Moiré Band Engineering in Twisted Trilayer WSe2

Abstract: We present a systematic theoretical study on the structural and electronic properties of twisted trilayer transition metal dichalcogenide (TMD) WSe$_2$, where two independent moir\'e patterns form between adjacent layers. Using a continuum approach, we investigate the optimized lattice structure and the resulting energy band structure, revealing fundamentally different electronic behaviors between helical and alternating twist configurations. In helical trilayers, lattice relaxation induces $\alpha\beta$ and $\beta\alpha$ domains, where the two moir\'e patterns shift to minimize overlap, while in alternating trilayers, $\alpha\alpha'$ domains emerge with aligned moir\'e patterns.
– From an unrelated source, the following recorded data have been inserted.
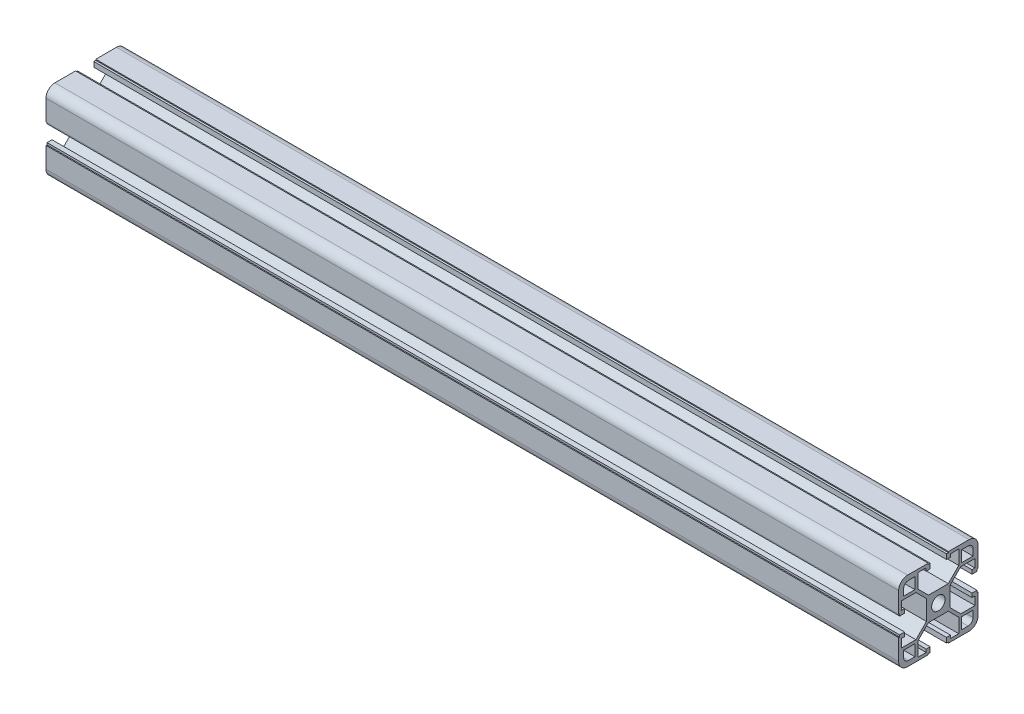
SolidWorks part; units mm, degrees
ref_plane "前视基准面" through (0, 0, 0) normal (0, 0, 1) x (1, 0, 0)
ref_plane "上视基准面" through (0, 0, 0) normal (0, 1, 0) x (1, 0, 0)
ref_plane "右视基准面" through (0, 0, 0) normal (1, 0, 0) x (0, 0, -1)
sketch "草图1" plane through (0, 0, 0) normal (0, 1, 0) x (1, 0, 0)
  line L0 (-215, 0) -> (215, 0)
  line L1 (0, 101.9544) -> (0, -23.3477) construction
  dimension "D1" = 430
  dimension "D2" = 215
other "铝型材 40 X 40L X R4.5(1)"
ref_plane "基准面1" through (-215, 0, 0) normal (1, 0, 0) x (0, 0, -1)
sketch "Sketch1" plane through (-215, 0, 0) normal (1, 0, 0) x (0, 0, -1)
  line L0 (-5.1, 20) -> (-5.1, 19.5)
  line L1 (-5.1, 19.5) -> (-4.1, 19.5)
  line L2 (-4.1, 19.5) -> (-4.1, 17)
  line L3 (-6.1, 18.5) -> (-10.3, 18.5)
  line L4 (-15.5, -20) -> (-5.1, -20)
  line L5 (-20, -15.5) -> (-20, -5.1)
  line L6 (15.5, 20) -> (5.1, 20)
  line L7 (20, 15.5) -> (20, 5.1)
  line L8 (0, 14.8756) -> (0, 0) construction
  line L9 (0, 0) -> (14.1675, 0) construction
  line L10 (-10.3, 18.5) -> (-10.3, 11.3)
  line L11 (-10.3, 11.3) -> (-5, 6)
  line L12 (-5, 6) -> (5, 6)
  line L13 (10.3, 11.3) -> (5, 6)
  line L14 (10.3, 18.5) -> (10.3, 11.3)
  line L15 (6.1, 18.5) -> (10.3, 18.5)
  line L16 (4.1, 19.5) -> (4.1, 17)
  line L17 (5.1, 19.5) -> (4.1, 19.5)
  line L18 (5.1, 20) -> (5.1, 19.5)
  line L19 (-5.1, 20) -> (-15.5, 20)
  line L20 (20, 5.1) -> (19.5, 5.1)
  line L21 (11.8, 17.5) -> (15, 17.5)
  line L22 (11.8, 17.5) -> (11.8, 11.8)
  line L23 (11.8, 11.8) -> (17.5, 11.8)
  line L24 (17.5, 15) -> (17.5, 11.8)
  line L25 (19.5, 5.1) -> (19.5, 4.1)
  line L26 (19.5, 4.1) -> (17, 4.1)
  line L27 (17, 6.1) -> (17, 4.1)
  line L28 (18.5, 6.1) -> (17, 6.1)
  line L29 (18.5, 6.1) -> (18.5, 10.3)
  line L30 (18.5, 10.3) -> (11.3, 10.3)
  line L31 (11.3, 10.3) -> (6, 5)
  line L32 (6, 5) -> (6, -5)
  line L33 (11.3, -10.3) -> (6, -5)
  line L34 (18.5, -10.3) -> (11.3, -10.3)
  line L35 (18.5, -6.1) -> (18.5, -10.3)
  line L36 (18.5, -6.1) -> (17, -6.1)
  line L37 (17, -4.1) -> (17, -6.1)
  line L38 (19.5, -4.1) -> (17, -4.1)
  line L39 (19.5, -5.1) -> (19.5, -4.1)
  line L40 (20, -5.1) -> (19.5, -5.1)
  line L41 (5.1, -20) -> (5.1, -19.5)
  line L42 (5.1, -19.5) -> (4.1, -19.5)
  line L43 (4.1, -19.5) -> (4.1, -17)
  line L44 (6.1, -17) -> (4.1, -17)
  line L45 (6.1, -18.5) -> (6.1, -17)
  line L46 (6.1, -18.5) -> (10.3, -18.5)
  line L47 (10.3, -18.5) -> (10.3, -11.3)
  line L48 (10.3, -11.3) -> (5, -6)
  line L49 (5, -6) -> (-5, -6)
  line L50 (-10.3, -11.3) -> (-5, -6)
  line L51 (-10.3, -18.5) -> (-10.3, -11.3)
  line L52 (-6.1, -18.5) -> (-10.3, -18.5)
  line L53 (-6.1, -18.5) -> (-6.1, -17)
  line L54 (-4.1, -17) -> (-6.1, -17)
  line L55 (-4.1, -19.5) -> (-4.1, -17)
  line L56 (-5.1, -19.5) -> (-4.1, -19.5)
  line L57 (-5.1, -20) -> (-5.1, -19.5)
  line L58 (-20, -5.1) -> (-19.5, -5.1)
  line L59 (5.1, -20) -> (15.5, -20)
  line L60 (-20, 5.1) -> (-20, 15.5)
  line L61 (-19.5, -5.1) -> (-19.5, -4.1)
  line L62 (-6.1, 18.5) -> (-6.1, 17)
  line L63 (-6.1, 17) -> (-4.1, 17)
  line L64 (6.1, 18.5) -> (6.1, 17)
  line L65 (4.1, 17) -> (6.1, 17)
  line L66 (-19.5, -4.1) -> (-17, -4.1)
  line L67 (-15, 17.5) -> (-11.8, 17.5)
  line L68 (-17.5, 15) -> (-17.5, 11.8)
  line L69 (-17.5, 11.8) -> (-11.8, 11.8)
  line L70 (-11.8, 17.5) -> (-11.8, 11.8)
  line L71 (-17, -6.1) -> (-17, -4.1)
  line L72 (-18.5, -6.1) -> (-17, -6.1)
  line L73 (-18.5, -6.1) -> (-18.5, -10.3)
  line L74 (-18.5, -10.3) -> (-11.3, -10.3)
  line L75 (-11.3, -10.3) -> (-6, -5)
  line L76 (-6, -5) -> (-6, 5)
  line L77 (-11.3, 10.3) -> (-6, 5)
  line L78 (-18.5, 10.3) -> (-11.3, 10.3)
  line L79 (-18.5, 6.1) -> (-18.5, 10.3)
  line L80 (-18.5, 6.1) -> (-17, 6.1)
  line L81 (-17, 4.1) -> (-17, 6.1)
  line L82 (-19.5, 4.1) -> (-17, 4.1)
  line L83 (-19.5, 5.1) -> (-19.5, 4.1)
  line L84 (-20, 5.1) -> (-19.5, 5.1)
  line L85 (20, -5.1) -> (20, -15.5)
  line L87 (-17.5, -11.8) -> (-11.8, -11.8)
  line L88 (-17.5, -11.8) -> (-17.5, -15)
  line L89 (-15, -17.5) -> (-11.8, -17.5)
  line L90 (-11.8, -11.8) -> (-11.8, -17.5)
  line L91 (11.8, -11.8) -> (17.5, -11.8)
  line L92 (11.8, -11.8) -> (11.8, -17.5)
  line L93 (11.8, -17.5) -> (15, -17.5)
  line L94 (17.5, -11.8) -> (17.5, -15)
  circle A0 centre (0, 0) radius 3.4
  arc A1 (-20, 15.5) -> (-15.5, 20) centre (-15.5, 15.5) cw
  arc A2 (20, 15.5) -> (15.5, 20) centre (15.5, 15.5) ccw
  arc A3 (-15.5, -20) -> (-20, -15.5) centre (-15.5, -15.5) cw
  arc A4 (15.5, -20) -> (20, -15.5) centre (15.5, -15.5) ccw
  arc A5 (-15, 17.5) -> (-17.5, 15) centre (-15, 15) ccw
  arc A6 (17.5, 15) -> (15, 17.5) centre (15, 15) ccw
  arc A7 (17.5, -15) -> (15, -17.5) centre (15, -15) cw
  arc A8 (-17.5, -15) -> (-15, -17.5) centre (-15, -15) ccw
  point P2 (0, 10)
  point P4 (0, 0)
  point P5 (-20, -20)
  point P6 (20, -20)
  point P7 (20, 20)
  point P8 (-20, 20)
  point P36 (-20, 20)
  point P39 (20, 20)
  point P121 (0, 0)
  dimension "D1" = 20.6
  dimension "D2" = 40
  dimension "D3" = 8.2
  dimension "D4" = 10.2
  dimension "D5" = 14
  dimension "D6" = 6.8
  dimension "D7" = 4.5
  dimension "D8" = 45
  dimension "D12" = 2.5
  dimension "D13" = 5.7
  dimension "D14" = 1.5
  dimension "D18" = 2.5
  dimension "D19" = 2.5
  dimension "D15" = 2.5
  dimension "D9" = 0.5
  dimension "D10" = 1.5
  dimension "D11" = 10
  dimension "D16" = 3
  dimension "D17" = 2
  dimension "D20" = 1.5
  dimension "D21" = 2.5
sketch "草图2" plane through (0, 20, 0) normal (0, 1, 0) x (1, 0, 0)
  line L0 (0, 86.1779) -> (0, -55.3806) construction
  line L2 (-60.2995, 0) -> (128.123, 0) construction
  circle A0 centre (-1, 0) radius 2.5
  circle A1 centre (108, 0) radius 2.5
  dimension "D1" = 5
  dimension "D2" = 1
  dimension "D3" = 5
  dimension "D4" = 109
extrude "切除-拉伸1" cut sketch "草图2" against normal through all

A key feature of trilayer TMDs is the summation of moir\'e potentials from the top and bottom layers onto the middle layer, effectively doubling the potential depth. In helical trilayers, this mechanism generates a Kagome lattice potential in the $\alpha\beta$ domains, giving rise to flat bands characteristic of Kagome physics. In alternating trilayers, the enhanced potential confinement forms deep triangular quantum wells, distinct from those found in bilayer systems. Furthermore, we demonstrate that a moderate perpendicular electric field can switch the layer polarization near the valence band edge, providing an additional degree of tunability. In particular, it enables tuning of the hybridization between orbitals on different layers, allowing for the engineering of diverse and controllable electronic band structures. Our findings highlight the unique role of moir\'e potential summation in trilayer systems, offering a broader platform for designing moir\'e-based electronic and excitonic phenomena beyond those achievable in bilayer TMDs.